Vignati made his United States debut in 1998 in New Mexico conducting Cavalleria Rusticana and I Pagliacci in a production by UNM in collaboration with Santa Fe Opera and Virginia Opera.

Vignati was the artistic and music director of the Tuscia Operafestival in Italy between 2006 and 2017. In 2007, he conducted Le nozze di Figaro in a production directed by Academy Award-winning filmmaker Lina Wertmüller, with set design by Enrico Job. The performance was later broadcast on the Italian television program Prima della prima on Rai TRE in November of that year. In 2009, he was also appointed artistic and music director of the Italian American Opera Foundation in Los Angeles, and in 2010, he became artistic director of the Festival Barocco di Viterbo – at which he conducted ensembles such as the Baroque Orchestra of the Accademia di Santa Cecilia.

In 2009, Vignati was also a guest teacher at the SOSCA Academy in Los Angeles.

Additionally, he is currently artistic and music director of the International Lyric Academy, which collaborated with Teatro Comunale di Vicenza to introduce the annual summer music event "Music for Life" beginning in 2018. He is also a principal guest conductor at New York City Opera.

Opera Carolina named Stefano Vignati in July 2026 to the position of general director while continuing to serve as music director and principal conductor. He started his new role on May 1, 2025. Vignati made his company debut in 2023, leading The Marriage of Figaro. Vignati has conducted more than 60 operas and numerous symphonic works across Italy, Switzerland, the United States, Canada, Bulgaria, China, Serbia, Germany, Slovenia, the Republic of Macedonia, Croatia, and Russia. He has also collaborated with world-renowned artists such as: Lina Wertmüller, Michele Campanella, Mariella Devia, Massimo Cavalletti, Nancy Fabiola Herrera, Bruno Pratico, Alfonso Antoniozzi, Pierre Amoyal, Nicola Ulivieri, Marco Vinco, Mirko Palazzi, Jesús León, Moni Ovadia, Janet Perry, Carol Neblett, Limmy Pulliam, Svetla Vasileva, Leo Ahn and Alexander Malta.
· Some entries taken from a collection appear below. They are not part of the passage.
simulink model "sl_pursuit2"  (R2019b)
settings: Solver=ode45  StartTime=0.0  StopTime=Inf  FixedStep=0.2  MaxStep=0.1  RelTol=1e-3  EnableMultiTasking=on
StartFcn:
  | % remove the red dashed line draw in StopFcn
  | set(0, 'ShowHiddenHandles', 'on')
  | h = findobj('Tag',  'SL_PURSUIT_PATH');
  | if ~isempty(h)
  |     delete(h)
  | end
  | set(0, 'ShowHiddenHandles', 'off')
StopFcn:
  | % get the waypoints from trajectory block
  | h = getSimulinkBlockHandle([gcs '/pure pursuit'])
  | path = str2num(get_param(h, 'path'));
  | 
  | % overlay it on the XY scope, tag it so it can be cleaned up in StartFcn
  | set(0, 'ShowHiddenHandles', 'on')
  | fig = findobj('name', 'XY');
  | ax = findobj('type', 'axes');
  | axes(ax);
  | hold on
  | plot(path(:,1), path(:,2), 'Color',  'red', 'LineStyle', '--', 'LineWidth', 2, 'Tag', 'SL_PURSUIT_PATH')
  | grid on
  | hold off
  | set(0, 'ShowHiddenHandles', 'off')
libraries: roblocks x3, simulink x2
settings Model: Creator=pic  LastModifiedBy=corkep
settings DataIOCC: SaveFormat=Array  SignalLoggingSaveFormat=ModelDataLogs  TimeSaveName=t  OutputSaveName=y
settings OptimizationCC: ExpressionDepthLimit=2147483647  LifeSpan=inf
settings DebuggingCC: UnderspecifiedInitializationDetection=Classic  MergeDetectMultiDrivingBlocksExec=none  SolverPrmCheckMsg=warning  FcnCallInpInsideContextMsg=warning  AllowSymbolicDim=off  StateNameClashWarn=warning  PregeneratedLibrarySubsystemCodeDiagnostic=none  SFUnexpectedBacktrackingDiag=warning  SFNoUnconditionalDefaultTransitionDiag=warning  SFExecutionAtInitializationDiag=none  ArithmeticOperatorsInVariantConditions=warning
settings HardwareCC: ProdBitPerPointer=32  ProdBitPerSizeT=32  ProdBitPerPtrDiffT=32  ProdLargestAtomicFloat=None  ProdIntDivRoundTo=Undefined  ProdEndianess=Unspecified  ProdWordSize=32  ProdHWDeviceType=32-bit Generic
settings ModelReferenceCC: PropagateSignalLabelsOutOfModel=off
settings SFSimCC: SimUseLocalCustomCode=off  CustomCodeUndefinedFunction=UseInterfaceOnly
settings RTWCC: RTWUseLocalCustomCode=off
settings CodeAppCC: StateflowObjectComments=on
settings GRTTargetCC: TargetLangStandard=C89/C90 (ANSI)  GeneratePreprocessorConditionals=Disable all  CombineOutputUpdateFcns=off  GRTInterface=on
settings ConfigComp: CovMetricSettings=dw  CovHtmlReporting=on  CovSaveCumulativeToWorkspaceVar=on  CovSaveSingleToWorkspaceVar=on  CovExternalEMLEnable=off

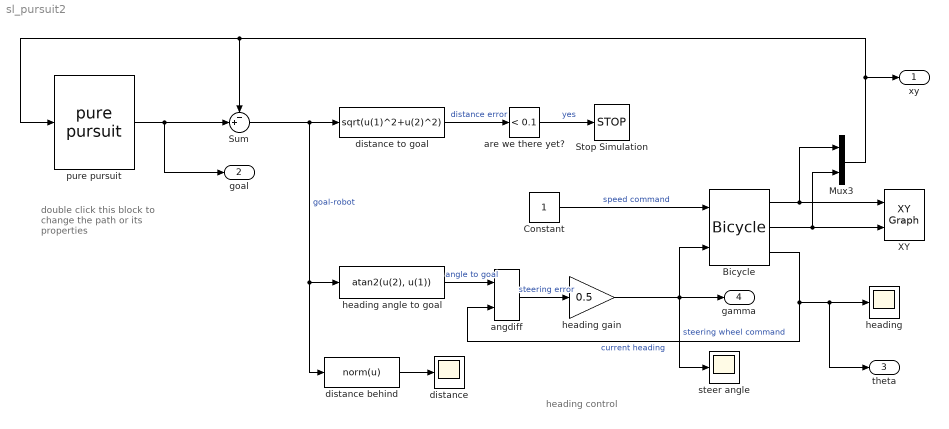
== system sl_pursuit2 ==
  note: heading control
  note: double click this block to
      | change the path or its
      | properties
  Bicycle : roblocks/Vehicles/Bicycle  vlim=5  accel=1  alim=0.5  steer_rate=Inf  L=1  x0=[0, 0, 0]
  Constant : Constant
  Mux3 : Mux  Inputs=2
  Stop Simulation : Stop
  Sum : Sum  Inputs=-+|
  XY : simulink/Sinks/XY Graph  xmin=0  xmax=100  ymin=0  ymax=100  st=-1
  angdiff : roblocks/Toolbox/angdiff
  are we there yet? : simulink/Logic and Bit Operations/Compare To Constant  relop=<  const=0.1  OutDataTypeStr=boolean
  distance : Scope
  distance behind : MATLABFcn  MATLABFcn=norm(u)
  distance to goal : Fcn  Expr=sqrt(u(1)^2+u(2)^2)
  "heading " : Scope
  heading angle to goal : Fcn  Expr=atan2(u(2), u(1))
  heading gain : Gain  Gain=0.5
  pure pursuit : roblocks/Toolbox/pure pursuit  path=|  vaxis=[2.5 2.5]  tseg=[]  dt=0.1  tacc=0  R=5
      | [  10 10;
      |   10 60;
      |   80 80;
      |   50 10 ]
  steer angle : Scope
  xy : Outport  VectorParamsAs1DForOutWhenUnconnected=off
  goal : Outport  Port=2  VectorParamsAs1DForOutWhenUnconnected=off
  theta : Outport  Port=3  VectorParamsAs1DForOutWhenUnconnected=off
  gamma : Outport  Port=4  VectorParamsAs1DForOutWhenUnconnected=off
  wires:
  Bicycle/1 -> Mux3/1, XY/1
  Bicycle/2 -> Mux3/2, XY/2
  Sum/1 -> distance behind/1, heading angle to goal/1, distance to goal/1  "goal-robot"
  heading angle to goal/1 -> angdiff/1  "angle to goal"
  Bicycle/3 -> theta/1, "heading "/1, angdiff/2  "current heading"
  angdiff/1 -> heading gain/1  "steering error"
  heading gain/1 -> gamma/1, Bicycle/2, steer angle/1  "steering wheel command"
  Constant/1 -> Bicycle/1  "speed command"
  distance behind/1 -> distance/1
  distance to goal/1 -> are we there yet?/1  "distance error"
  Mux3/1 -> pure pursuit/1, Sum/1, xy/1
  pure pursuit/1 -> goal/1, Sum/2
  are we there yet?/1 -> Stop Simulation/1  "yes"

Vignati has conducted the Wuhan Philharmonic Orchestra, the Italia Konzert Opera, the Orchestra of Rome and Lazio, the Orchestra of the Teatro di Sassari, the UNM Symphony Orchestra, the Amarillo Symphony of Dallas, the Tonhalle in Zürich, the Orchestra and Choir of the Teatro Goldoni of Livorno, the FVG Friuli Venezia Giulia Orchestra, the Orchestra Francesco Cilea, the Charlotte Symphony., and the Orchestra of Teatro Carlo Felice di Genova

Stefano Vignati was selected to open the Global Centennial Puccini Celebrations in China (December 2025 - January 2026) by conducting Giacomo Puccini’s Turandot, commemorating the 100th anniversary of Puccini’s death (1924–2024). The production was presented by the Festival Puccini Torre del Lago and featured sets by Ezio Frigerio and costumes by Academy Award‑winning Franca Squarciapino.

== Recordings ==
Vignati has published a number of recordings, including Giulio Cesare by Handel, Stabat Mater by Pergolesi, and Requiem by Verdi. He recorded his first Concerto, produced by RAI Radio-Television for "I Concerti di RaiTre" with soloist David Siffermann in 1995.